There's no shared source license which bans commercial usages but I think the software industry desperately needs one. I'm selling the software and want to enable the user to make modifications for private use and even share those modifications if they so desire = I have to hire a lawyer and hope he comes up with something that stands the test of a trial.

Not giving away something for free (as in freedom) but asking for free legal advice may sound ironic but it's not about the money, it's about having something reliable for a very common use case.

x0x0 · on April 13, 2017

That's typically the purpose of AGPL plus a dual license offering for cash. This will probably require copyright assignments to make it work tho

alphapapa · on April 13, 2017

I can't help but think that if the Linux kernel were under a CC-NC-BY-SA-type license, as you suggest, that it would be practically unheard of today.

BTW, please mind the distinction between open-source software and Free Software. You don't have to like the FSF, but the distinction they recognize is important.

cookiecaper · on April 13, 2017

>I can't help but think that if the Linux kernel were under a CC-NC-BY-SA-type license, as you suggest, that it would be practically unheard of today.

I don't suggest that the Linux kernel be distributed under non-commercial terms, and I agree with you that such a project wouldn't have done well.

>BTW, please mind the distinction between open-source software and Free Software. You don't have to like the FSF, but the distinction they recognize is important.

Right, so there are 3 levels of "purity" here. For the record, I didn't run afoul of any of them; I intentionally distinguished my suggestion as "source available", not "open-source".

There is "Free Software", which is software meeting Stallman's "Four Freedoms".

There is "Open Source", typically referred to as the improper noun "open-source", which activists insist refers solely to license approved by the OSI (Open Source Initiative). Because these include permissive licenses, the FSF considers them potentially non-free, and makes the point that Open Source isn't good enough; it must be Free Software.

Then there is "source available", insisted upon by the OSI people, to indicate that while you can download and modify the source, it is not distributed under copyright terms they like. This would be source distributed only for non-commercial use, for example.

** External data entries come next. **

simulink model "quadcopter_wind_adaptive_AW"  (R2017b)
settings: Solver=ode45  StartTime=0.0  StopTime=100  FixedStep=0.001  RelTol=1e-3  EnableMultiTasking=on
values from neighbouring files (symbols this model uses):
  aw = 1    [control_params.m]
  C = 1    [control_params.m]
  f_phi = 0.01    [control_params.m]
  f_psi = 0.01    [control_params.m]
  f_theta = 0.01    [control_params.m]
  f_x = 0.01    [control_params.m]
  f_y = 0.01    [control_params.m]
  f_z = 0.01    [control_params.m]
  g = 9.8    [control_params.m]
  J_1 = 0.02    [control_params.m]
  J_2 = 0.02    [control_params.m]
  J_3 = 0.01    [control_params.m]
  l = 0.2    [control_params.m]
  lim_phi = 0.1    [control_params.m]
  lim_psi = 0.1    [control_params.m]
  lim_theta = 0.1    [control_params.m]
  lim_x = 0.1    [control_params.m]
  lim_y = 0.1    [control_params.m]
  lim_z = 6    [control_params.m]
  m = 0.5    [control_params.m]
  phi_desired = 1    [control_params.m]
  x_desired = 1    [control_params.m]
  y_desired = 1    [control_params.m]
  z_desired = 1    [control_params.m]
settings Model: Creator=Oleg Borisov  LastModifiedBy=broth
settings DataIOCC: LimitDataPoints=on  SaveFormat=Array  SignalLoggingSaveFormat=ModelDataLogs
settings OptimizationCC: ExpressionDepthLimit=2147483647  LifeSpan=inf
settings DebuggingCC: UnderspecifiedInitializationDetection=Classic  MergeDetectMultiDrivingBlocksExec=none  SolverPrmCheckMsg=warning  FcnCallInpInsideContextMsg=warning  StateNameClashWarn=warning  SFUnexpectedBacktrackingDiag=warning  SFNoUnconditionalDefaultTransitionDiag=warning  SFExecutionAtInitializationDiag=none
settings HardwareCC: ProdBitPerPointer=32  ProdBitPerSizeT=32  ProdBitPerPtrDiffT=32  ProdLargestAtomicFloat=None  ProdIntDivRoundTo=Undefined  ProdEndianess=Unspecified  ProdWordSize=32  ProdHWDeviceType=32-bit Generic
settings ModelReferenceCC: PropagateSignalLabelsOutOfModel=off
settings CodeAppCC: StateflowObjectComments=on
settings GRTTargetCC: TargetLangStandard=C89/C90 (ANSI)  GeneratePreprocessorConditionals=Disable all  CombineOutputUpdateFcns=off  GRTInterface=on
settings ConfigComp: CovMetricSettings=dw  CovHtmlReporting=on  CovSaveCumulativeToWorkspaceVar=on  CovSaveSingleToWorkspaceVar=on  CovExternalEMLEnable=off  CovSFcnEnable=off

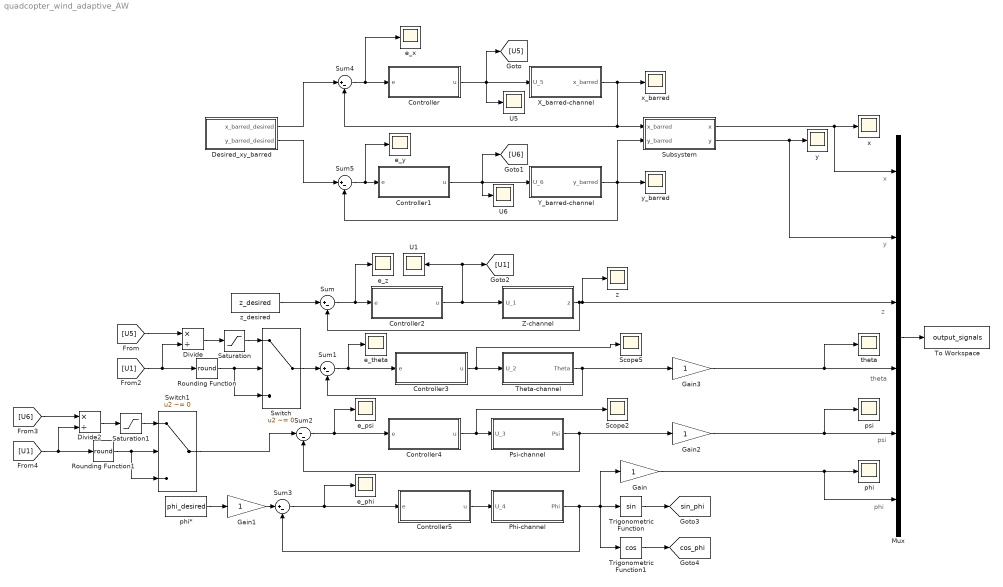
== system quadcopter_wind_adaptive_AW ==
  note: z
  note: y
  note: x
  note: theta
  note: psi
  note: phi
  Controller : Subsystem
  Controller1 : Subsystem
  Controller2 : Subsystem
  Controller3 : Subsystem
  Controller4 : Subsystem
  Controller5 : Subsystem
  Desired_xy_barred : Subsystem
  Divide : Product  Inputs=*/
  Divide2 : Product  Inputs=*/
  Gain{,1..3} (4 alike) : Gain
  Mux : Mux  Inputs=6
  Phi-channel : Subsystem
  Psi-channel : Subsystem
  Rounding Function : Rounding  Operator=round
  Rounding Function1 : Rounding  Operator=round
  Saturation : Saturate  UpperLimit=pi/6  LowerLimit=-pi/6
  Saturation1 : Saturate  UpperLimit=pi/6  LowerLimit=-pi/6
  Scope2 : Scope
  Scope5 : Scope
  Subsystem : Subsystem
  Sum{,1,3..5} (5 alike) : Sum  Inputs=|+-
  Sum2 : Sum  Inputs=|--
  Switch : Switch  Criteria=u2 ~= 0
  Switch1 : Switch  Criteria=u2 ~= 0
  Theta-channel : Subsystem
  To Workspace : ToWorkspace  VariableName=output_signals  SaveFormat=Structure With Time  SampleTime=-1
  Trigonometric Function : Trigonometry
  Trigonometric Function1 : Trigonometry  Operator=cos
  U1 : Scope
  U5 : Scope
  U6 : Scope
  X_barred-channel : Subsystem
  Y_barred-channel : Subsystem
  Z-channel : Subsystem
  e_phi : Scope
  e_psi : Scope
  e_theta : Scope
  e_x : Scope
  e_y : Scope
  e_z : Scope
  phi : Scope
  phi* : Constant  Value=phi_desired
  psi : Scope
  theta : Scope
  x : Scope
  x_barred : Scope
  y : Scope
  y_barred : Scope
  z : Scope
  z_desired : Constant  Value=z_desired
  tag scope: cos_phi=global, sin_phi=global
  wires:
  Z-channel/1(z) -> Mux/3, z/1, Sum/2
  Sum/1 -> Controller2/1(e), e_z/1
  Controller4/1(u) -> Psi-channel/1(U_3), Scope2/1
  Controller5/1(u) -> Phi-channel/1(U_4)
  Theta-channel/1(Theta) -> Sum1/2, Gain3/1
  Sum1/1 -> Controller3/1(e), e_theta/1
  Sum2/1 -> Controller4/1(e), e_psi/1
  Psi-channel/1(Psi) -> Sum2/2, Gain2/1
  Sum3/1 -> Controller5/1(e), e_phi/1
  Phi-channel/1(Phi) -> Sum3/2, Trigonometric Function/1, Trigonometric Function1/1, Gain/1
  Controller1/1(u) -> Y_barred-channel/1(U_6), [U6], U6/1
  [U5] -> Divide/1
  X_barred-channel/1(x_barred) -> x_barred/1, Subsystem/1(x_barred), Sum4/2
  Sum5/1 -> Controller1/1(e), e_y/1
  Y_barred-channel/1(y_barred) -> y_barred/1, Sum5/2, Subsystem/2(y_barred)
  Desired_xy_barred/1(x_barred_desired) -> Sum4/1
  Desired_xy_barred/2(y_barred_desired) -> Sum5/1
  Trigonometric Function/1 -> [sin_phi]
  Trigonometric Function1/1 -> [cos_phi]
  Gain/1 -> Mux/6, phi/1
  phi*/1 -> Gain1/1
  Gain1/1 -> Sum3/1
  Mux/1 -> To Workspace/1
  Subsystem/1(x) -> Mux/1, x/1
  Subsystem/2(y) -> Mux/2, y/1
  Gain2/1 -> Mux/5, psi/1
  Gain3/1 -> Mux/4, theta/1
  Sum4/1 -> Controller/1(e), e_x/1
  Controller/1(u) -> X_barred-channel/1(U_5), [U5], U5/1
  Controller2/1(u) -> Z-channel/1(U_1), [U1], U1/1
  z_desired/1 -> Sum/1
  Divide/1 -> Saturation/1
  [U1] -> Divide/2, Rounding Function/1
  Switch/1 -> Sum1/1
  Saturation/1 -> Switch/1
  Rounding Function/1 -> Switch/2, Switch/3
  Controller3/1(u) -> Theta-channel/1(U_2), Scope5/1
  [U6] -> Divide2/1
  Divide2/1 -> Saturation1/1
  [U1] -> Divide2/2, Rounding Function1/1
  Saturation1/1 -> Switch1/1
  Rounding Function1/1 -> Switch1/2, Switch1/3
  Switch1/1 -> Sum2/1

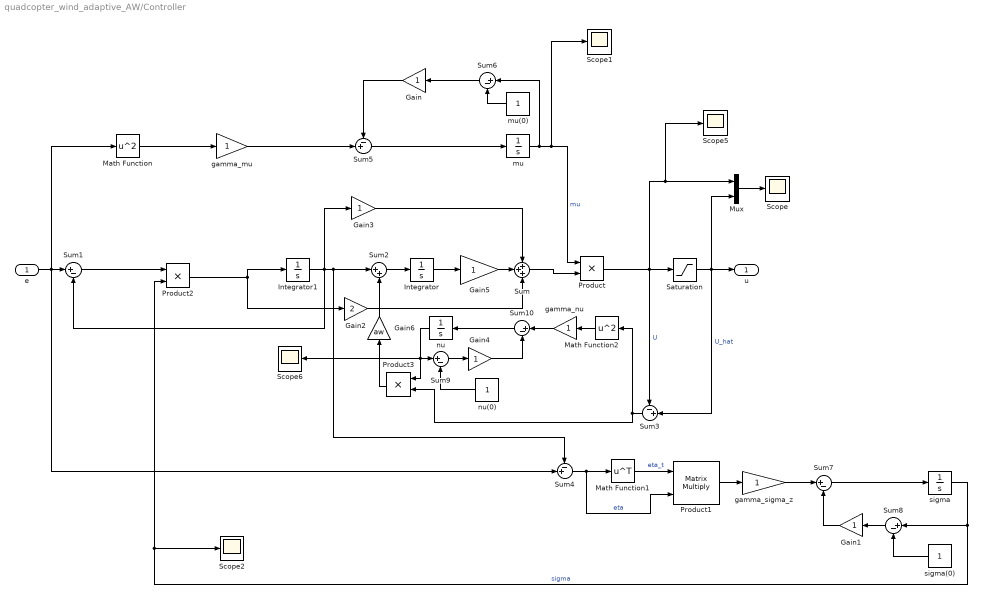
== system quadcopter_wind_adaptive_AW/Controller ==
  e : Inport
  Gain{,1,3..5} (5 alike) : Gain
  Gain2 : Gain  Gain=2
  Gain6 : Gain  Gain=aw
  Integrator : Integrator
  Integrator1 : Integrator
  Math Function : Math  Operator=square  SaturateOnIntegerOverflow=on
  Math Function1 : Math  Operator=transpose  SaturateOnIntegerOverflow=on
  Math Function2 : Math  Operator=square  SaturateOnIntegerOverflow=on
  Mux : Mux  Inputs=2
  Product : Product
  Product1 : Product  Multiplication=Matrix(*)
  Product2 : Product
  Product3 : Product
  Saturation : Saturate  UpperLimit=lim_x  LowerLimit=-lim_x
  Scope{,1..2,5..6} (5 alike) : Scope
  Sum : Sum  Inputs=+++
  Sum{1,6..10} (6 alike) : Sum  Inputs=|+-
  Sum2 : Sum  Inputs=|++
  Sum3 : Sum  Inputs=-+|
  Sum4 : Sum  Inputs=-+|
  Sum5 : Sum  Inputs=-+|
  gamma_mu : Gain
  gamma_nu : Gain
  gamma_sigma_z : Gain
  mu : Integrator  InitialCondition=1
  mu(0) : Constant
  nu : Integrator  InitialCondition=1
  nu(0) : Constant
  sigma : Integrator  InitialCondition=1
  sigma(0) : Constant
  u : Outport
  wires:
  Sum/1 -> Product/2
  Integrator/1 -> Gain5/1
  Sum1/1 -> Product2/1
  Integrator1/1 -> Gain3/1, Sum1/2, Sum4/1, Sum2/1
  Gain3/1 -> Sum/1
  e/1 -> Sum4/2, Math Function/1, Sum1/1
  Gain2/1 -> Sum/3
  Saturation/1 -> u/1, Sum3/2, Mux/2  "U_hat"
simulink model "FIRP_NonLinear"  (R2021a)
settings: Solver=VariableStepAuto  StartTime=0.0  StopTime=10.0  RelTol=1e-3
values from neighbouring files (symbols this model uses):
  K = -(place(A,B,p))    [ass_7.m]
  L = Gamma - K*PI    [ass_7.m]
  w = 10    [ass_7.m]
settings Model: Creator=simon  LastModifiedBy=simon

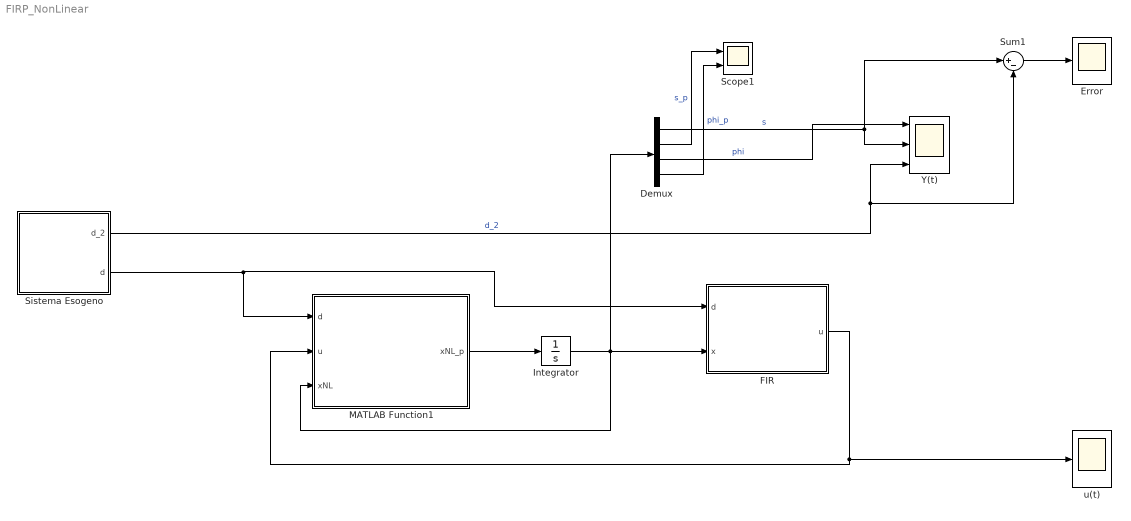
== system FIRP_NonLinear ==
  Demux : Demux
  Error : Scope
  FIR : Subsystem
  Integrator : Integrator
  MATLAB Function1 : MATLAB Function  TreatAsAtomicUnit=on
  Scope1 : Scope  NumInputPorts=2
  Sistema Esogeno : Subsystem
  Sum1 : Sum  Inputs=|+-
  Y(t) : Scope  NumInputPorts=3
  u(t) : Scope
  wires:
  FIR/1(u) -> MATLAB Function1/2(u), u(t)/1
  Demux/2 -> Scope1/1  "s_p"
  Demux/1 -> Y(t)/2, Sum1/1  "s"
  Integrator/1 -> MATLAB Function1/3(xNL), FIR/2(x), Demux/1
  Sum1/1 -> Error/1
  Demux/3 -> Y(t)/1  "phi"
  Sistema Esogeno/2(d) -> MATLAB Function1/1(d), FIR/1(d)
  Sistema Esogeno/1(d_2) -> Y(t)/3, Sum1/2  "d_2"
  MATLAB Function1/1(xNL_p) -> Integrator/1
  Demux/4 -> Scope1/2  "phi_p"

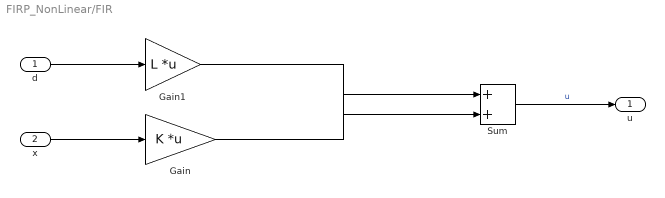
== system FIRP_NonLinear/FIR ==
  d : Inport
  x : Inport  Port=2
  Gain : Gain  Gain=K  Multiplication=Matrix(K*u)
  Gain1 : Gain  Gain=L  Multiplication=Matrix(K*u)
  Sum : Sum
  u : Outport
  wires:
  Gain1/1 -> Sum/2
  Sum/1 -> u/1  "u"
  Gain/1 -> Sum/1
  x/1 -> Gain/1
  d/1 -> Gain1/1

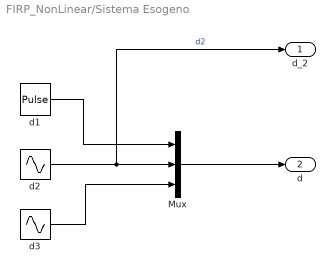
== system FIRP_NonLinear/Sistema Esogeno ==
  Mux : Mux  Inputs=3
  d1 : DiscretePulseGenerator  PulseType=Time based  Amplitude=0.5  Period=50  PulseWidth=50
  d2 : Sin  Frequency=w  SampleTime=0
  d3 : Sin  Frequency=w  Phase=pi/2  SampleTime=0
  d_2 : Outport
  d : Outport  Port=2
  wires:
  d3/1 -> Mux/3
  d2/1 -> d_2/1, Mux/2  "d2"
  d1/1 -> Mux/1
  Mux/1 -> d/1

== matlab function FIRP_NonLinear/MATLAB Function1 ==
  data: d input; u input; xNL_p output; xNL input
function xNL_p = NonLinearSpaceState(d,u,xNL)

M = 1;
l = 1;
F = 1;
g = 9.81;

xNL_p = zeros(4,1);

xNL_p(1)= xNL(2);
xNL_p(2)= (1/M)*(-F*xNL(2) + u + d(1));
xNL_p(3)= xNL(4);
xNL_p(4)= (g/l)*sin(xNL(3)) - (1/(M*l))*(-F*xNL(2) + u + d(1))*cos(xNL(3));

Jef Raskin's Archy project (apparently now dead) [0] was distributed under CC BY-NC-SA and made this distinction.

[0] https://en.wikipedia.org/wiki/Archy

VeejayRampay · on April 13, 2017

No, companies that make billions of dollars in an ecosystem that benefits from said tools and don't pay a dime for the public good are to blame. It's not a problem with open source, it's a problem with a culture that takes and doesn't give back enough.

edoloughlin · on April 13, 2017

Open source software has to be one of the least efficient markets out there

Does it have to be a market?

spiderjerusalem · on April 13, 2017

Amen. Somehow a lot of comments in this thread are blinded to the fact that the 'commons' are not simply subsumed within the 'market'. The logic of commons is quite orthogonal to that of markets.

sangnoir · on April 13, 2017

> Open source software has to be one of the least efficient markets out there.

The regular market rules don't really apply to Open source software. A lot of viable (or even thriving) open source projects would be dismal failures as stand-alone businesses or startups. Paradoxically, the only way they can provide real value is in their current form of open source projects.

I would have given CyanogenMod as an example, but the amount of inept management at the startup there would cloud the issue.

0x445442 · on April 13, 2017

Hopefully the author will be able to parlay the street cred generated from PhantomJS by selling future employers or customers on the same napkin math.

hpaavola · on April 13, 2017

Also Firefox will get headless mode in few releases https://bugzilla.mozilla.org/show_bug.cgi?id=1338004

imr_ · on April 13, 2017

thank god. I was afraid we will be back in the grasp of the google's moloch.

tyingq · on April 13, 2017

Curious what "moloch" means in this context. I can google it, of course, but I get "Biblical name relating to a Canaanite god associated with child sacrifice". Which doesn't help me much. End users are children that Google is sacrificing? Or?

philh · on April 13, 2017

To give a shorter answer: Scott Alexander (at the slatestarcodex link), through the poem, associates Moloch with negative-sum games, where no one comes out better than they went in. In extreme cases they force us to sacrifice the things we love in order to survive. You throw your children to Moloch to help you defeat enemies; otherwise, you die. Your enemies do the same thing. It would be better if nobody sacrificed their children, but nobody is in a position to bring that outcome to pass.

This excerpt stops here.